# Problem to work on
For this exercise, reproduce the entries below exactly, but only from the line containing "#217=LINE('',#216,#215);" through the line containing "#224=CARTESIAN_POINT('',(94.,-0.8,-71.));", both included.

# Data excerpts
==========

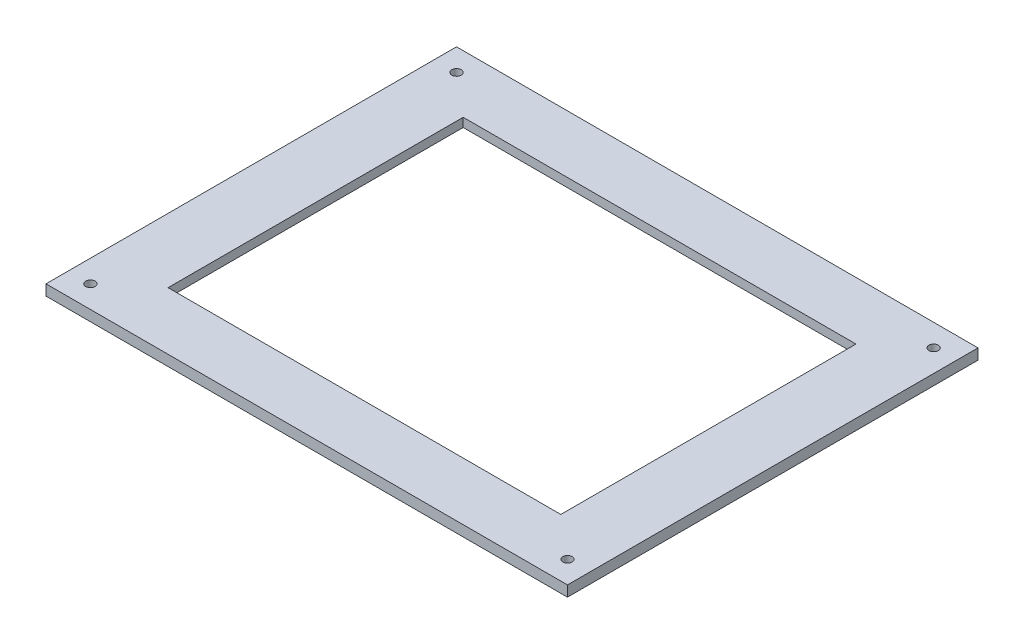
ISO-10303-21;
HEADER;
FILE_DESCRIPTION(('STEP AP214'),'2;1');
FILE_NAME('part.step','',(''),(''),'','','');
FILE_SCHEMA(('AUTOMOTIVE_DESIGN { 1 0 10303 214 1 1 1 1 }'));
ENDSEC;
DATA;
#1=APPLICATION_CONTEXT('core data for automotive mechanical design processes');
#2=APPLICATION_PROTOCOL_DEFINITION('international standard','automotive_design',2000,#1);
#3=PRODUCT_CONTEXT('',#1,'mechanical');
#4=PRODUCT('Part','Part','',(#3));
#5=PRODUCT_RELATED_PRODUCT_CATEGORY('part','',(#4));
#6=PRODUCT_DEFINITION_FORMATION('','',#4);
#7=PRODUCT_DEFINITION_CONTEXT('part definition',#1,'design');
#8=PRODUCT_DEFINITION('design','',#6,#7);
#9=PRODUCT_DEFINITION_SHAPE('','',#8);
#10=(LENGTH_UNIT() NAMED_UNIT(*) SI_UNIT(.MILLI.,.METRE.));
#11=(NAMED_UNIT(*) PLANE_ANGLE_UNIT() SI_UNIT($,.RADIAN.));
#12=(NAMED_UNIT(*) SI_UNIT($,.STERADIAN.) SOLID_ANGLE_UNIT());
#13=UNCERTAINTY_MEASURE_WITH_UNIT(LENGTH_MEASURE(1.E-05),#10,'distance_accuracy_value','');
#14=(GEOMETRIC_REPRESENTATION_CONTEXT(3) GLOBAL_UNCERTAINTY_ASSIGNED_CONTEXT((#13)) GLOBAL_UNIT_ASSIGNED_CONTEXT((#10,
#11,#12)) REPRESENTATION_CONTEXT('',''));
#15=CARTESIAN_POINT('',(0.,0.,0.));
#16=DIRECTION('',(0.,0.,1.));
#17=DIRECTION('',(1.,0.,0.));
#18=AXIS2_PLACEMENT_3D('',#15,#16,#17);
#19=CARTESIAN_POINT('',(0.,-0.8,0.));
#20=DIRECTION('',(0.,-1.,0.));
#21=DIRECTION('',(0.,0.,-1.));
#22=AXIS2_PLACEMENT_3D('',#19,#20,#21);
#23=PLANE('',#22);
#24=DIRECTION('',(-1.,0.,0.));
#25=VECTOR('',#24,1.);
#26=CARTESIAN_POINT('',(0.,-0.8,11.0000000000002));
#27=LINE('',#26,#25);
#28=CARTESIAN_POINT('',(-94.,-0.8,11.));
#29=VERTEX_POINT('',#28);
#30=CARTESIAN_POINT('',(-106.,-0.8,11.));
#31=VERTEX_POINT('',#30);
#32=EDGE_CURVE('E218',#29,#31,#27,.T.);
#33=ORIENTED_EDGE('',*,*,#32,.F.);
#34=DIRECTION('',(0.,0.,-1.));
#35=VECTOR('',#34,1.);
#36=CARTESIAN_POINT('',(-94.,-0.8,-71.));
#37=LINE('',#36,#35);
#38=CARTESIAN_POINT('',(-94.,-0.8,71.));
#39=VERTEX_POINT('',#38);
#40=EDGE_CURVE('E295',#39,#29,#37,.T.);
#41=ORIENTED_EDGE('',*,*,#40,.F.);
#42=DIRECTION('',(-1.,0.,0.));
#43=VECTOR('',#42,1.);
#44=CARTESIAN_POINT('',(94.,-0.8,71.));
#45=LINE('',#44,#43);
#46=CARTESIAN_POINT('',(94.,-0.8,71.));
#47=VERTEX_POINT('',#46);
#48=EDGE_CURVE('E308',#47,#39,#45,.T.);
#49=ORIENTED_EDGE('',*,*,#48,.F.);
#50=DIRECTION('',(0.,0.,1.));
#51=VECTOR('',#50,1.);
#52=CARTESIAN_POINT('',(94.,-0.8,-71.));
#53=LINE('',#52,#51);
#54=CARTESIAN_POINT('',(94.,-0.8,11.));
#55=VERTEX_POINT('',#54);
#56=EDGE_CURVE('E303',#55,#47,#53,.T.);
#57=ORIENTED_EDGE('',*,*,#56,.F.);
#58=DIRECTION('',(1.,0.,0.));
#59=VECTOR('',#58,1.);
#60=CARTESIAN_POINT('',(0.,-0.8,11.));
#61=LINE('',#60,#59);
#62=CARTESIAN_POINT('',(106.,-0.8,11.));
#63=VERTEX_POINT('',#62);
#64=EDGE_CURVE('E248',#55,#63,#61,.T.);
#65=ORIENTED_EDGE('',*,*,#64,.T.);
#66=DIRECTION('',(0.,0.,-1.));
#67=VECTOR('',#66,1.);
#68=CARTESIAN_POINT('',(106.,-0.8,0.));
#69=LINE('',#68,#67);
#70=CARTESIAN_POINT('',(106.,-0.8,-11.));
#71=VERTEX_POINT('',#70);
#72=EDGE_CURVE('E261',#63,#71,#69,.T.);
#73=ORIENTED_EDGE('',*,*,#72,.T.);
#74=DIRECTION('',(-1.,0.,0.));
#75=VECTOR('',#74,1.);
#76=CARTESIAN_POINT('',(0.,-0.8,-11.));
#77=LINE('',#76,#75);
#78=CARTESIAN_POINT('',(94.,-0.8,-11.));
#79=VERTEX_POINT('',#78);
#80=EDGE_CURVE('E257',#71,#79,#77,.T.);
#81=ORIENTED_EDGE('',*,*,#80,.T.);
#82=CARTESIAN_POINT('',(94.,-0.8,-71.));
#83=VERTEX_POINT('',#82);
#84=EDGE_CURVE('E304',#83,#79,#53,.T.);
#85=ORIENTED_EDGE('',*,*,#84,.F.);
#86=DIRECTION('',(1.,0.,0.));
#87=VECTOR('',#86,1.);
#88=CARTESIAN_POINT('',(94.,-0.8,-71.));
#89=LINE('',#88,#87);
#90=CARTESIAN_POINT('',(-94.,-0.8,-71.));
#91=VERTEX_POINT('',#90);
#92=EDGE_CURVE('E299',#91,#83,#89,.T.);
#93=ORIENTED_EDGE('',*,*,#92,.F.);
#94=CARTESIAN_POINT('',(-94.,-0.8,-11.));
#95=VERTEX_POINT('',#94);
#96=EDGE_CURVE('E300',#95,#91,#37,.T.);
#97=ORIENTED_EDGE('',*,*,#96,.F.);
#98=DIRECTION('',(1.,0.,0.));
#99=VECTOR('',#98,1.);
#100=CARTESIAN_POINT('',(0.,-0.8,-11.));
#101=LINE('',#100,#99);
#102=CARTESIAN_POINT('',(-106.,-0.8,-11.));
#103=VERTEX_POINT('',#102);
#104=EDGE_CURVE('E60',#103,#95,#101,.T.);
#105=ORIENTED_EDGE('',*,*,#104,.F.);
#106=DIRECTION('',(0.,0.,-1.));
#107=VECTOR('',#106,1.);
#108=CARTESIAN_POINT('',(-106.,-0.8,0.));
#109=LINE('',#108,#107);
#110=EDGE_CURVE('E200',#31,#103,#109,.T.);
#111=ORIENTED_EDGE('',*,*,#110,.F.);
#112=EDGE_LOOP('',(#33,#41,#49,#57,#65,#73,#81,#85,#93,#97,#105,#111));
#113=FACE_BOUND('',#112,.T.);
#114=CARTESIAN_POINT('',(107.5,-0.8,-82.5));
#115=DIRECTION('',(0.,-1.,0.));
#116=DIRECTION('',(0.,0.,-1.));
#117=AXIS2_PLACEMENT_3D('',#114,#115,#116);
#118=CIRCLE('',#117,2.125);
#119=CARTESIAN_POINT('',(107.5,-0.8,-84.625));
#120=VERTEX_POINT('',#119);
#121=EDGE_CURVE('E437',#120,#120,#118,.F.);
#122=ORIENTED_EDGE('',*,*,#121,.T.);
#123=EDGE_LOOP('',(#122));
#124=FACE_BOUND('',#123,.T.);
#125=CARTESIAN_POINT('',(107.5,-0.8,82.5));
#126=DIRECTION('',(0.,-1.,0.));
#127=DIRECTION('',(0.,0.,-1.));
#128=AXIS2_PLACEMENT_3D('',#125,#126,#127);
#129=CIRCLE('',#128,2.125);
#130=CARTESIAN_POINT('',(107.5,-0.8,80.375));
#131=VERTEX_POINT('',#130);
#132=EDGE_CURVE('E433',#131,#131,#129,.T.);
#133=ORIENTED_EDGE('',*,*,#132,.F.);
#134=EDGE_LOOP('',(#133));
#135=FACE_BOUND('',#134,.T.);
#136=CARTESIAN_POINT('',(-107.5,-0.8,-82.5));
#137=DIRECTION('',(0.,-1.,0.));
#138=DIRECTION('',(0.,0.,-1.));
#139=AXIS2_PLACEMENT_3D('',#136,#137,#138);
#140=CIRCLE('',#139,2.125);
#141=CARTESIAN_POINT('',(-107.5,-0.8,-84.625));
#142=VERTEX_POINT('',#141);
#143=EDGE_CURVE('E294',#142,#142,#140,.T.);
#144=ORIENTED_EDGE('',*,*,#143,.F.);
#145=EDGE_LOOP('',(#144));
#146=FACE_BOUND('',#145,.T.);
#147=DIRECTION('',(-1.,0.,0.));
#148=VECTOR('',#147,1.);
#149=CARTESIAN_POINT('',(117.5,-0.8,92.5));
#150=LINE('',#149,#148);
#151=CARTESIAN_POINT('',(117.5,-0.8,92.5));
#152=VERTEX_POINT('',#151);
#153=CARTESIAN_POINT('',(-117.5,-0.8,92.5));
#154=VERTEX_POINT('',#153);
#155=EDGE_CURVE('E345',#152,#154,#150,.T.);
#156=ORIENTED_EDGE('',*,*,#155,.T.);
#157=DIRECTION('',(0.,0.,-1.));
#158=VECTOR('',#157,1.);
#159=CARTESIAN_POINT('',(-117.5,-0.8,92.5));
#160=LINE('',#159,#158);
#161=CARTESIAN_POINT('',(-117.5,-0.8,-92.5));
#162=VERTEX_POINT('',#161);
#163=EDGE_CURVE('E349',#154,#162,#160,.T.);
#164=ORIENTED_EDGE('',*,*,#163,.T.);
#165=DIRECTION('',(1.,0.,0.));
#166=VECTOR('',#165,1.);
#167=CARTESIAN_POINT('',(-117.5,-0.8,-92.5));
#168=LINE('',#167,#166);
#169=CARTESIAN_POINT('',(117.5,-0.8,-92.5));
#170=VERTEX_POINT('',#169);
#171=EDGE_CURVE('E353',#162,#170,#168,.T.);
#172=ORIENTED_EDGE('',*,*,#171,.T.);
#173=DIRECTION('',(0.,0.,1.));
#174=VECTOR('',#173,1.);
#175=CARTESIAN_POINT('',(117.5,-0.8,-92.5));
#176=LINE('',#175,#174);
#177=EDGE_CURVE('E357',#170,#152,#176,.T.);
#178=ORIENTED_EDGE('',*,*,#177,.T.);
#179=EDGE_LOOP('',(#156,#164,#172,#178));
#180=FACE_BOUND('',#179,.T.);
#181=CARTESIAN_POINT('',(-107.5,-0.8,82.5));
#182=DIRECTION('',(0.,-1.,0.));
#183=DIRECTION('',(0.,0.,-1.));
#184=AXIS2_PLACEMENT_3D('',#181,#182,#183);
#185=CIRCLE('',#184,2.125);
#186=CARTESIAN_POINT('',(-107.5,-0.8,80.375));
#187=VERTEX_POINT('',#186);
#188=EDGE_CURVE('E441',#187,#187,#185,.F.);
#189=ORIENTED_EDGE('',*,*,#188,.T.);
#190=EDGE_LOOP('',(#189));
#191=FACE_BOUND('',#190,.T.);
#192=ADVANCED_FACE('F44',(#113,#124,#135,#146,#180,#191),#23,.T.);
#193=CARTESIAN_POINT('',(-94.,-0.8,-71.));
#194=DIRECTION('',(1.,0.,0.));
#195=DIRECTION('',(0.,0.,-1.));
#196=AXIS2_PLACEMENT_3D('',#193,#194,#195);
#197=PLANE('',#196);
#198=DIRECTION('',(0.,-1.,0.));
#199=VECTOR('',#198,1.);
#200=CARTESIAN_POINT('',(-94.,-0.8,11.));
#201=LINE('',#200,#199);
#202=CARTESIAN_POINT('',(-94.,0.,11.));
#203=VERTEX_POINT('',#202);
#204=EDGE_CURVE('E11',#203,#29,#201,.T.);
#205=ORIENTED_EDGE('',*,*,#204,.F.);
#206=DIRECTION('',(0.,0.,-1.));
#207=VECTOR('',#206,1.);
#208=CARTESIAN_POINT('',(-94.,0.,-71.));
#209=LINE('',#208,#207);
#210=CARTESIAN_POINT('',(-94.,0.,71.));
#211=VERTEX_POINT('',#210);
#212=EDGE_CURVE('E312',#211,#203,#209,.T.);
#213=ORIENTED_EDGE('',*,*,#212,.F.);
#214=DIRECTION('',(0.,1.,0.));
#215=VECTOR('',#214,1.);
#216=CARTESIAN_POINT('',(-94.,-0.8,71.));
#217=LINE('',#216,#215);
#218=EDGE_CURVE('E311',#39,#211,#217,.T.);
#219=ORIENTED_EDGE('',*,*,#218,.F.);
#220=ORIENTED_EDGE('',*,*,#40,.T.);
#221=EDGE_LOOP('',(#205,#213,#219,#220));
#222=FACE_BOUND('',#221,.T.);
#223=ADVANCED_FACE('F488',(#222),#197,.T.);
#224=CARTESIAN_POINT('',(94.,-0.8,-71.));
#225=DIRECTION('',(-1.,0.,0.));
#226=DIRECTION('',(0.,0.,1.));
#227=AXIS2_PLACEMENT_3D('',#224,#225,#226);
#228=PLANE('',#227);
#229=DIRECTION('',(0.,0.,1.));
#230=VECTOR('',#229,1.);
#231=CARTESIAN_POINT('',(94.,0.,-71.));
#232=LINE('',#231,#230);
#233=CARTESIAN_POINT('',(94.,0.,11.));
#234=VERTEX_POINT('',#233);
#235=CARTESIAN_POINT('',(94.,0.,71.));
#236=VERTEX_POINT('',#235);
#237=EDGE_CURVE('E322',#234,#236,#232,.T.);
#238=ORIENTED_EDGE('',*,*,#237,.F.);
#239=DIRECTION('',(0.,-1.,0.));
#240=VECTOR('',#239,1.);
#241=CARTESIAN_POINT('',(94.,-0.8,11.));
#242=LINE('',#241,#240);
#243=EDGE_CURVE('E448',#234,#55,#242,.T.);
#244=ORIENTED_EDGE('',*,*,#243,.T.);
#245=ORIENTED_EDGE('',*,*,#56,.T.);
#246=DIRECTION('',(0.,1.,0.));
#247=VECTOR('',#246,1.);
#248=CARTESIAN_POINT('',(94.,-0.8,71.));
#249=LINE('',#248,#247);
#250=EDGE_CURVE('E334',#47,#236,#249,.T.);
#251=ORIENTED_EDGE('',*,*,#250,.T.);
#252=EDGE_LOOP('',(#238,#244,#245,#251));
#253=FACE_BOUND('',#252,.T.);
#254=ADVANCED_FACE('F476',(#253),#228,.T.);
#255=ORIENTED_EDGE('',*,*,#84,.T.);
#256=DIRECTION('',(0.,1.,0.));
#257=VECTOR('',#256,1.);
#258=CARTESIAN_POINT('',(94.,-0.8,-11.));
#259=LINE('',#258,#257);
#260=CARTESIAN_POINT('',(94.,0.,-11.));
#261=VERTEX_POINT('',#260);
#262=EDGE_CURVE('E429',#79,#261,#259,.T.);
#263=ORIENTED_EDGE('',*,*,#262,.T.);
#264=CARTESIAN_POINT('',(94.,0.,-71.));
#265=VERTEX_POINT('',#264);
#266=EDGE_CURVE('E323',#265,#261,#232,.T.);
#267=ORIENTED_EDGE('',*,*,#266,.F.);
#268=DIRECTION('',(0.,1.,0.));
#269=VECTOR('',#268,1.);
#270=CARTESIAN_POINT('',(94.,-0.8,-71.));
#271=LINE('',#270,#269);
#272=EDGE_CURVE('E338',#83,#265,#271,.T.);
#273=ORIENTED_EDGE('',*,*,#272,.F.);
#274=EDGE_LOOP('',(#255,#263,#267,#273));
#275=FACE_BOUND('',#274,.T.);
#276=ADVANCED_FACE('F494',(#275),#228,.T.);
#277=CARTESIAN_POINT('',(0.,4.,0.));
#278=DIRECTION('',(0.,1.,0.));
#279=DIRECTION('',(0.,0.,1.));
#280=AXIS2_PLACEMENT_3D('',#277,#278,#279);
#281=PLANE('',#280);
#282=CARTESIAN_POINT('',(107.5,4.,-82.5));
#283=DIRECTION('',(0.,1.,0.));
#284=DIRECTION('',(0.,0.,1.));
#285=AXIS2_PLACEMENT_3D('',#282,#283,#284);
#286=CIRCLE('',#285,2.125);
#287=CARTESIAN_POINT('',(107.5,4.,-80.375));
#288=VERTEX_POINT('',#287);
#289=EDGE_CURVE('E282',#288,#288,#286,.F.);
#290=ORIENTED_EDGE('',*,*,#289,.T.);
#291=EDGE_LOOP('',(#290));
#292=FACE_BOUND('',#291,.T.);
#293=CARTESIAN_POINT('',(107.5,4.,82.5));
#294=DIRECTION('',(0.,1.,0.));
#295=DIRECTION('',(0.,0.,1.));
#296=AXIS2_PLACEMENT_3D('',#293,#294,#295);
#297=CIRCLE('',#296,2.125);
#298=CARTESIAN_POINT('',(107.5,4.,84.625));
#299=VERTEX_POINT('',#298);
#300=EDGE_CURVE('E236',#299,#299,#297,.T.);
#301=ORIENTED_EDGE('',*,*,#300,.F.);
#302=EDGE_LOOP('',(#301));
#303=FACE_BOUND('',#302,.T.);
#304=CARTESIAN_POINT('',(-107.5,4.,-82.5));
#305=DIRECTION('',(0.,1.,0.));
#306=DIRECTION('',(0.,0.,1.));
#307=AXIS2_PLACEMENT_3D('',#304,#305,#306);
#308=CIRCLE('',#307,2.125);
#309=CARTESIAN_POINT('',(-107.5,4.,-80.375));
#310=VERTEX_POINT('',#309);
#311=EDGE_CURVE('E287',#310,#310,#308,.T.);
#312=ORIENTED_EDGE('',*,*,#311,.F.);
#313=EDGE_LOOP('',(#312));
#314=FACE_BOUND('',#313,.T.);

==========

# Written answer
#217=LINE('',#216,#215);
#218=EDGE_CURVE('E311',#39,#211,#217,.T.);
#219=ORIENTED_EDGE('',*,*,#218,.F.);
#220=ORIENTED_EDGE('',*,*,#40,.T.);
#221=EDGE_LOOP('',(#205,#213,#219,#220));
#222=FACE_BOUND('',#221,.T.);
#223=ADVANCED_FACE('F488',(#222),#197,.T.);
#224=CARTESIAN_POINT('',(94.,-0.8,-71.));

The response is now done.